OpenMOSS / AnyGPT

Code for "AnyGPT: Unified Multimodal LLM with Discrete Sequence Modeling"
629 stars 43 forks source link

hi,when will the train code be released? && do you train image and text tokens all in autoregressive? #8

Open Jiushanhuadao opened 3 months ago

JunZhan2000 commented 3 months ago

The first question: We have not considered releasing the training code for now, but in fact, you can use any training framework of large language model to train AnyGPT, as the model only expands the vocabulary and the prediction head. If the community deems it necessary to open source the training code, it might be planned.

The second question: Yes, it is trained only with the Next Token Prediction task, and the loss is calculated on the tokens of all modalities.

Jiushanhuadao commented 3 months ago

Thank you for your response, about the second question, I have tried this method to use VQGAN for image tokenization, the VQGAN'codbook size is 16384, I add them into the llm'codebook by using the func "add_tokens" and resize the embedding. But the convergence value of loss is relatively high, around 4.2. I concatenate the text token and image token in the image text pair to predict the next token like you say, So I guess it would be better to align the image and text tokens using the llava style of image text alignment? Just mask the input tokens and predict the remain tokens. How about your convergence value of loss? Thank you for your sincere response.

JunZhan2000 commented 3 months ago

Thank you for your response, about the second question, I have tried this method to use VQGAN for image tokenization, the VQGAN'codbook size is 16384, I add them into the llm'codebook by using the func "add_tokens" and resize the embedding. But the convergence value of loss is relatively high, around 4.2. I concatenate the text token and image token in the image text pair to predict the next token like you say, So I guess it would be better to align the image and text tokens using the llava style of image text alignment? Just mask the input tokens and predict the remain tokens. How about your convergence value of loss? Thank you for your sincere response.

I don't think where the loss is calculated makes much of a difference, as the task already includes both text-to-image and image-to-text directions. CM3Leon also used VQGAN for tokenization and it worked well (https://arxiv.org/abs/2309.02591). Perhaps you should check if something went wrong somewhere. You can start by testing in one generation direction.
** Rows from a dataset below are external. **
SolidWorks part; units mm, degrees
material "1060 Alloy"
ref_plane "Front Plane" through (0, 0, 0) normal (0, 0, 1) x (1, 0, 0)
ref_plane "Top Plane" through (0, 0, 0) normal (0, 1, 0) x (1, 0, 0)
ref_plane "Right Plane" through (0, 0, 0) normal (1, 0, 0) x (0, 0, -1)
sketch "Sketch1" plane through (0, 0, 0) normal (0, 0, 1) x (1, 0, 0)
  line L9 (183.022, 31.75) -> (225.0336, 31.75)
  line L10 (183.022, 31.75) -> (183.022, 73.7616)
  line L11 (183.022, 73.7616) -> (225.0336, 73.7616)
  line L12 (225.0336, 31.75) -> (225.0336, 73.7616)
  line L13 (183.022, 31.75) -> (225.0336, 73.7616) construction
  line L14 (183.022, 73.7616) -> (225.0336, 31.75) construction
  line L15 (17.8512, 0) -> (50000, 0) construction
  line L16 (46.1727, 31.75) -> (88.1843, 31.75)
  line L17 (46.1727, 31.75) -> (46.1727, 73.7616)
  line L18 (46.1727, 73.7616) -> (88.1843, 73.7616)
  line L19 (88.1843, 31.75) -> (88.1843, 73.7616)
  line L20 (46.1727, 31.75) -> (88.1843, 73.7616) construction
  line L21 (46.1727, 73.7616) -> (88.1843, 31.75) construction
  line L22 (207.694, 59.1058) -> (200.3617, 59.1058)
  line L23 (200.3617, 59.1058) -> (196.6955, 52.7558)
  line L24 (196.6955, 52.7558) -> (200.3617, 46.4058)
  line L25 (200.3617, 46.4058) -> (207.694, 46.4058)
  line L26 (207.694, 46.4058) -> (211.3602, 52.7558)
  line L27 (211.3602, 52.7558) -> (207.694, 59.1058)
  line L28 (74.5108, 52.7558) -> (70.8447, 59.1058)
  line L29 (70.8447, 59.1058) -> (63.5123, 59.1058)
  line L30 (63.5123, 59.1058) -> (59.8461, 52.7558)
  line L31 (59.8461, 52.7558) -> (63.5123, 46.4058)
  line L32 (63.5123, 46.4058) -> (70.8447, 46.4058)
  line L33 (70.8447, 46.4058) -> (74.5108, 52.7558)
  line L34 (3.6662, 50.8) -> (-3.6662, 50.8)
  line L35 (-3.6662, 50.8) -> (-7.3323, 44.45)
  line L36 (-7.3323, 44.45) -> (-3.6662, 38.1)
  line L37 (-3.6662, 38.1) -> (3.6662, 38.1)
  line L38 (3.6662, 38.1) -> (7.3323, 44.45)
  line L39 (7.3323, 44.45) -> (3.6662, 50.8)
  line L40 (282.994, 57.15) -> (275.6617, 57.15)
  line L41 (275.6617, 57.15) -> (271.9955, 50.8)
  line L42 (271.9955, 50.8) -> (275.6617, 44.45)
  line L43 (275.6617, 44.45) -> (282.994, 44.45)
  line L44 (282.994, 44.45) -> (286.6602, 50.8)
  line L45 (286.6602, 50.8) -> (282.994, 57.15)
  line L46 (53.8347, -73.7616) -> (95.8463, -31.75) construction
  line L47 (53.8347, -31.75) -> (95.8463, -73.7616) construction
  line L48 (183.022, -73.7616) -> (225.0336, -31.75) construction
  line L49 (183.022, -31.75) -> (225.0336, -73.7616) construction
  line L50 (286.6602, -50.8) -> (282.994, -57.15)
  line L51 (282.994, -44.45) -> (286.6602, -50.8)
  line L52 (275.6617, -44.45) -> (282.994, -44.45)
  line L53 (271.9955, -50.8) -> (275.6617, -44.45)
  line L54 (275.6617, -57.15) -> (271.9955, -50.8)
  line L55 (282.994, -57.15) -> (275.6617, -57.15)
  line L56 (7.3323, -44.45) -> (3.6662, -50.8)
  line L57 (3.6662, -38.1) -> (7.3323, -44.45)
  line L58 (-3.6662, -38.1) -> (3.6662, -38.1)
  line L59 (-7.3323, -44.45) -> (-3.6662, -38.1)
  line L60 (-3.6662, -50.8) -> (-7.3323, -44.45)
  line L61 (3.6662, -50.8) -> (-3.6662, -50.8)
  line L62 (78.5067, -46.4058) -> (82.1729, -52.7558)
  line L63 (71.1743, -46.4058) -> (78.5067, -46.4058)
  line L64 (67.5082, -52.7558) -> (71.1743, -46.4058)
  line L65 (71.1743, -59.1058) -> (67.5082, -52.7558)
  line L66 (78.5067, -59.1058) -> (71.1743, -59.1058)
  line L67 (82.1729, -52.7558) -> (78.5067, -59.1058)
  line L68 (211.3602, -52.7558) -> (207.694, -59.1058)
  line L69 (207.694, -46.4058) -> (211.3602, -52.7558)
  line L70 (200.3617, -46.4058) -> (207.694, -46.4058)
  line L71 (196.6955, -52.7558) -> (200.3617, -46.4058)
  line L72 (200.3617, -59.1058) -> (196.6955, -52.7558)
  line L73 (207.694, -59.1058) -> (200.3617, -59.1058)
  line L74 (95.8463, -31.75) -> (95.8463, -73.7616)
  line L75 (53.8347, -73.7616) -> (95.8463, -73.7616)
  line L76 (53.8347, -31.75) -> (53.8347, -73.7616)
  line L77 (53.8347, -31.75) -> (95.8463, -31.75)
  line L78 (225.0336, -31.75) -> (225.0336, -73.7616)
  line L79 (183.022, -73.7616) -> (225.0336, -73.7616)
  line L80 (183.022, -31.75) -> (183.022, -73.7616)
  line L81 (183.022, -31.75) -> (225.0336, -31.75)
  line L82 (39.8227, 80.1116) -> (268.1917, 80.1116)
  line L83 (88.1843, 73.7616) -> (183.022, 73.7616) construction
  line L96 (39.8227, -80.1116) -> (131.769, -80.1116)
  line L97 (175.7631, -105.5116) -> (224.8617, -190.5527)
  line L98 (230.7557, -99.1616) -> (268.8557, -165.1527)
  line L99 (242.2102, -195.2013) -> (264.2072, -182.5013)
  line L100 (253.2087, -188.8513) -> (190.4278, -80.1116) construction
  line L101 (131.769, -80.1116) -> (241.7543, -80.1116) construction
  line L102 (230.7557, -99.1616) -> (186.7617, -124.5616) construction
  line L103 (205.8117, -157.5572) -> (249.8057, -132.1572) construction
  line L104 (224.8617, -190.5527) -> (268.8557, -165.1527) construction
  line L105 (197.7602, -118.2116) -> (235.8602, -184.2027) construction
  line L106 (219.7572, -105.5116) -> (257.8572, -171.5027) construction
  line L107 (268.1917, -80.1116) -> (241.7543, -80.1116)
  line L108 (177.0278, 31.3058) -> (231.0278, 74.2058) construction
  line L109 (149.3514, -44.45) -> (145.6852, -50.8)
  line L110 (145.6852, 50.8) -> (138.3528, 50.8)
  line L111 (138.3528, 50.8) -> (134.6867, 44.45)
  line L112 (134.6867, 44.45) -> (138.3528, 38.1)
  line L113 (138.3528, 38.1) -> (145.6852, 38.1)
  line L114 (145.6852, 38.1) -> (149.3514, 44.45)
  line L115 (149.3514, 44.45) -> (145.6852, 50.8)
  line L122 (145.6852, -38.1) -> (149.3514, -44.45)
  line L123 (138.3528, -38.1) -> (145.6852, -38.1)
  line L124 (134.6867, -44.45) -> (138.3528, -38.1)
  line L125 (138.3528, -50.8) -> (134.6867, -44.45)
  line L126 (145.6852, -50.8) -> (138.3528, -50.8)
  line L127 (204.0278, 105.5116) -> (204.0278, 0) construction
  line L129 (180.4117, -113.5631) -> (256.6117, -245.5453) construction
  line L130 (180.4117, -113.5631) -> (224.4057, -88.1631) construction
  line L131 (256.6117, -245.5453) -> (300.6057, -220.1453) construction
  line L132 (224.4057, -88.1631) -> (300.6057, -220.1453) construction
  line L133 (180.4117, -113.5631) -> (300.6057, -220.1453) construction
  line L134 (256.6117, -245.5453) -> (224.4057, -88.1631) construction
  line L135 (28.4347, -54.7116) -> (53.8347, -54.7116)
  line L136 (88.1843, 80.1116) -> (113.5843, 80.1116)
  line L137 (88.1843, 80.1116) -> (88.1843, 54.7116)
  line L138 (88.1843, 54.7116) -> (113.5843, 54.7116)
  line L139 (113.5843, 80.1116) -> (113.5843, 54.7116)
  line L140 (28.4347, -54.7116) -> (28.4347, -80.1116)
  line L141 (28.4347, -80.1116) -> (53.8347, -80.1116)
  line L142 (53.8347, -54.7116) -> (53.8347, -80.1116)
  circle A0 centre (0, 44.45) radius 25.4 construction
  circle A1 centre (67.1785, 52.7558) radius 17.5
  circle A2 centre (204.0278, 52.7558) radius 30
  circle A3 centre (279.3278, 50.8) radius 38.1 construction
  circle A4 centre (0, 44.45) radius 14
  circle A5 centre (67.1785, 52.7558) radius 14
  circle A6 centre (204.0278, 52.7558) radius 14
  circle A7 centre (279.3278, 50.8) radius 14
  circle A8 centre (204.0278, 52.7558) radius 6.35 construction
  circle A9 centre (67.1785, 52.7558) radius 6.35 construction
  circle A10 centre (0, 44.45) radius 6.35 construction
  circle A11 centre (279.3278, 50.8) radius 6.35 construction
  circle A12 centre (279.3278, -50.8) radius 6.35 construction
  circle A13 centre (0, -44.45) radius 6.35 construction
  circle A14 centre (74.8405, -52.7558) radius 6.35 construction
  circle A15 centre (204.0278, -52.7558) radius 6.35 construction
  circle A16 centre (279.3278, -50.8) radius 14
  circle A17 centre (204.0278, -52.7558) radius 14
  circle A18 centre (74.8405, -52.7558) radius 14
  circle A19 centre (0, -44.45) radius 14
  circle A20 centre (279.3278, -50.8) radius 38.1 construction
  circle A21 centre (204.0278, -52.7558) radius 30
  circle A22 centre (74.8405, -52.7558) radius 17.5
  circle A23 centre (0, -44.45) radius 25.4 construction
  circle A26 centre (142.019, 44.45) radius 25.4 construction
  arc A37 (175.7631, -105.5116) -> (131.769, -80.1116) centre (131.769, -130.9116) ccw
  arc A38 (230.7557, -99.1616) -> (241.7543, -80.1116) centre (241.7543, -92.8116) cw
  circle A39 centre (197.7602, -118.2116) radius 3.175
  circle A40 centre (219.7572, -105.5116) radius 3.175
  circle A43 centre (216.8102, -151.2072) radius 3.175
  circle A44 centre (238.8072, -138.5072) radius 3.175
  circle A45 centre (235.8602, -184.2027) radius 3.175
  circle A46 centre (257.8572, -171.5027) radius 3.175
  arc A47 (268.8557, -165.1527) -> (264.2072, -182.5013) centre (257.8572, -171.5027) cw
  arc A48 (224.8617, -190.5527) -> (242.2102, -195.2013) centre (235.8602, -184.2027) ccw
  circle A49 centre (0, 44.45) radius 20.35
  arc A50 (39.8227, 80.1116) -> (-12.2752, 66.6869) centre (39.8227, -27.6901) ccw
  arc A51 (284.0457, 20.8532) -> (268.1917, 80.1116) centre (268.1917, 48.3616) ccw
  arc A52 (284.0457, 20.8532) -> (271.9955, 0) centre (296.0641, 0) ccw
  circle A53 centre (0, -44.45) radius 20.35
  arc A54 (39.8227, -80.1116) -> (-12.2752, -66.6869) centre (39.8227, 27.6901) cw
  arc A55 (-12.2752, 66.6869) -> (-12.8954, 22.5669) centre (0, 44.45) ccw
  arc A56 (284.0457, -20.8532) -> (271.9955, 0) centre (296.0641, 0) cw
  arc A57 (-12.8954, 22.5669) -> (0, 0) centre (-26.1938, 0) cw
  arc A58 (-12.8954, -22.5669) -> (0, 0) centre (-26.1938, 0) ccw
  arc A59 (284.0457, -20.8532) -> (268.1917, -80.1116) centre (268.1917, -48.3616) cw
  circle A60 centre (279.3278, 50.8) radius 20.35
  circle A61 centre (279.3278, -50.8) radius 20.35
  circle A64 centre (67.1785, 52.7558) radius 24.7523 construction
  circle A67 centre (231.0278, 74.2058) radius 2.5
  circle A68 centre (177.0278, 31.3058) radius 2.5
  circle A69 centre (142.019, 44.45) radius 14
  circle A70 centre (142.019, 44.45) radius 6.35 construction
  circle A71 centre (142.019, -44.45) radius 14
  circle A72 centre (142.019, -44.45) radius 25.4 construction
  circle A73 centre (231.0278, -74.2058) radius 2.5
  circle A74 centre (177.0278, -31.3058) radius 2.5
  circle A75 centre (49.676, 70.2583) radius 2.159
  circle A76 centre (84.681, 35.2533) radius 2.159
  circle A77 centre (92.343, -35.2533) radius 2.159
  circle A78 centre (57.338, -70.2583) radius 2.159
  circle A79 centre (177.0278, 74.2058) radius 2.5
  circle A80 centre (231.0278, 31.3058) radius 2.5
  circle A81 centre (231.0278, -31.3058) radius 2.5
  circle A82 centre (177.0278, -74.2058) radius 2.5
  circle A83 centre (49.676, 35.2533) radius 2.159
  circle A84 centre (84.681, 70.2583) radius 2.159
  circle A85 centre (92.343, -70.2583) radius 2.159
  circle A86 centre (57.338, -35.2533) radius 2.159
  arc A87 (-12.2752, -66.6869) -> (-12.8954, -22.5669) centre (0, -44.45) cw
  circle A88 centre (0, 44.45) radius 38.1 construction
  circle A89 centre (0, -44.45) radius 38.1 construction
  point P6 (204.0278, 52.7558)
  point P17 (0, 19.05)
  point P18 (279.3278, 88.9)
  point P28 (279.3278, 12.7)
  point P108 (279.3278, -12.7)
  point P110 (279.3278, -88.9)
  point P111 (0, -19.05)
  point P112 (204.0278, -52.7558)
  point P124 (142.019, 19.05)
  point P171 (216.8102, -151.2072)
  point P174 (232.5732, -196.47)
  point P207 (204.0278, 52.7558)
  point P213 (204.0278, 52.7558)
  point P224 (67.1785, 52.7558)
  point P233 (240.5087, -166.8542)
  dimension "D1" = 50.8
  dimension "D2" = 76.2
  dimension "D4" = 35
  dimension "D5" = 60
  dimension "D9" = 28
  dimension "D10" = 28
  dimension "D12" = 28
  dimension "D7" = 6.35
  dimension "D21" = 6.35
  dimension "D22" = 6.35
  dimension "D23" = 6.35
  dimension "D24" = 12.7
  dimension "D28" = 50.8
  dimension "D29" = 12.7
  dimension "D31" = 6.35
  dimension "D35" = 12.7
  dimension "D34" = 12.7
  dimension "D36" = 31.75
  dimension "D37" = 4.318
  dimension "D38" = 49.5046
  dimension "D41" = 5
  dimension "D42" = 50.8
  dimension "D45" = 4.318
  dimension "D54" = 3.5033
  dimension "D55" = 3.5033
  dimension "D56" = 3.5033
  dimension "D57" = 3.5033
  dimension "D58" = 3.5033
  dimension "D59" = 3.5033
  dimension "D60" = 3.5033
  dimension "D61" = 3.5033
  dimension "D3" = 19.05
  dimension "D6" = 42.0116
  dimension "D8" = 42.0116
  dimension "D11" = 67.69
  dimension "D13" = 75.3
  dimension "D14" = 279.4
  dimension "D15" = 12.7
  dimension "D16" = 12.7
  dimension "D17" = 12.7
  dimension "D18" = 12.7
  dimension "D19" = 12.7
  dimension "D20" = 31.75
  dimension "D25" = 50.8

unyqhz commented 2 weeks ago

Thank you for your response, about the second question, I have tried this method to use VQGAN for image tokenization, the VQGAN'codbook size is 16384, I add them into the llm'codebook by using the func "add_tokens" and resize the embedding. But the convergence value of loss is relatively high, around 4.2. I concatenate the text token and image token in the image text pair to predict the next token like you say, So I guess it would be better to align the image and text tokens using the llava style of image text alignment? Just mask the input tokens and predict the remain tokens. How about your convergence value of loss? Thank you for your sincere response.

I don't think where the loss is calculated makes much of a difference, as the task already includes both text-to-image and image-to-text directions. CM3Leon also used VQGAN for tokenization and it worked well (https://arxiv.org/abs/2309.02591). Perhaps you should check if something went wrong somewhere. You can start by testing in one generation direction.

hello, i meet the same problem! can you tell me what's the difference i should expect between one generation direction and both text-to-image and image-to-text directions? will their loss have a big difference?